ENTRIES SUPPLIED:
::::::::::

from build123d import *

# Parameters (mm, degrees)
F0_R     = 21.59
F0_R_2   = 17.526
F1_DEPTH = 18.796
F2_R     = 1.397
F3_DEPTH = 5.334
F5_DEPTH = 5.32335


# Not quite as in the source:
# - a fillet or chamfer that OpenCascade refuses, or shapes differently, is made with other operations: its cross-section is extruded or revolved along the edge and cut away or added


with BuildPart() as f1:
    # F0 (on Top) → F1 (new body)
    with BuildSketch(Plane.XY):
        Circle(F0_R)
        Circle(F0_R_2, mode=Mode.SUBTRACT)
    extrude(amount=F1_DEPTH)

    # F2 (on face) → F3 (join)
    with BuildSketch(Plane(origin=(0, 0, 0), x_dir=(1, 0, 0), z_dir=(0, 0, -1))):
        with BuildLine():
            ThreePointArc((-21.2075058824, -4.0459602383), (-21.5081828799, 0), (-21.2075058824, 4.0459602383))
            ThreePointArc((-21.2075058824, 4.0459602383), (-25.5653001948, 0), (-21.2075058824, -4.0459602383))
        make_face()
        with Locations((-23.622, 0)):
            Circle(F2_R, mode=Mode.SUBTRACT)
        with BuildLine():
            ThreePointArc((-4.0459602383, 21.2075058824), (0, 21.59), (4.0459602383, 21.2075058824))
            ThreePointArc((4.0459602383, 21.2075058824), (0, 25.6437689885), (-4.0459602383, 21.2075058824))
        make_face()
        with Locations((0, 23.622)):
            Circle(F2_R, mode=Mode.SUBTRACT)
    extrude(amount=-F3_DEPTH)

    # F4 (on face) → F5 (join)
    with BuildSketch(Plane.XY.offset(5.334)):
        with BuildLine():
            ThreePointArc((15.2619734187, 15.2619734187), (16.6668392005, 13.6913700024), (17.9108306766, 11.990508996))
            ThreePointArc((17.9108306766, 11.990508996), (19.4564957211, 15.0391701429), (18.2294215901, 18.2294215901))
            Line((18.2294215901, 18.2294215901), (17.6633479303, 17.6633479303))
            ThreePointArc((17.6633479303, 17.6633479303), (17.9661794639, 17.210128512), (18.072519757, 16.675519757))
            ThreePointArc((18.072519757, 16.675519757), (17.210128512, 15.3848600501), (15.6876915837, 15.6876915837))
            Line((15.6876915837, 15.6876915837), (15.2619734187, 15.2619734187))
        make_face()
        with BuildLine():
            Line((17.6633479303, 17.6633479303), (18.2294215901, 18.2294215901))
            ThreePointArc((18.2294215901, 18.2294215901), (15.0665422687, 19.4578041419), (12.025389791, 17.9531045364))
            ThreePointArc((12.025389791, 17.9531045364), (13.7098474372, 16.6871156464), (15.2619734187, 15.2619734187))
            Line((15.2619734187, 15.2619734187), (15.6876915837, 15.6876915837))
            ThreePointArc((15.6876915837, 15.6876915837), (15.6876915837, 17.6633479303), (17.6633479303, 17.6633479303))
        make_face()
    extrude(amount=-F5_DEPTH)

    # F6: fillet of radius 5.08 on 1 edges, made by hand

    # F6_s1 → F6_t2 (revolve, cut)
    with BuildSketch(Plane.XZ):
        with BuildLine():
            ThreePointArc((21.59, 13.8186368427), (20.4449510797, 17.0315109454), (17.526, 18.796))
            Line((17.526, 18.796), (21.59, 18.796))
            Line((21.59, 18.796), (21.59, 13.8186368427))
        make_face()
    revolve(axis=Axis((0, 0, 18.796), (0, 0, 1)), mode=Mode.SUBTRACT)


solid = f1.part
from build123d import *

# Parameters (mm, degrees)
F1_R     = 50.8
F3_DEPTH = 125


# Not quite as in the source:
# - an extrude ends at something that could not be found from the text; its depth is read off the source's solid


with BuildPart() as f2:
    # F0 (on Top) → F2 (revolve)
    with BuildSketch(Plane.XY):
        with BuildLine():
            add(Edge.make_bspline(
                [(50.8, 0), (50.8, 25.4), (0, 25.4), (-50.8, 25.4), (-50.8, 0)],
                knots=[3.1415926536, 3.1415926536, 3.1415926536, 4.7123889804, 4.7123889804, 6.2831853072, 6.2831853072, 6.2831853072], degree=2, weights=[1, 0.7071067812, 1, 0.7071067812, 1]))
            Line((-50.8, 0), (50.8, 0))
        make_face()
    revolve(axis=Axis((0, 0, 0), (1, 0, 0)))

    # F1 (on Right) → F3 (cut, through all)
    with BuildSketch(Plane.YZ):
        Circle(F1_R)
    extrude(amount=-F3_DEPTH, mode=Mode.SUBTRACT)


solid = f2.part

::::::::::

WHAT THE TASK REQUIRES:
From the listing above, return every line that carries the string "Axis".

RESULT OF THIS TASK:
    revolve(axis=Axis((0, 0, 18.796), (0, 0, 1)), mode=Mode.SUBTRACT)
    revolve(axis=Axis((0, 0, 0), (1, 0, 0)))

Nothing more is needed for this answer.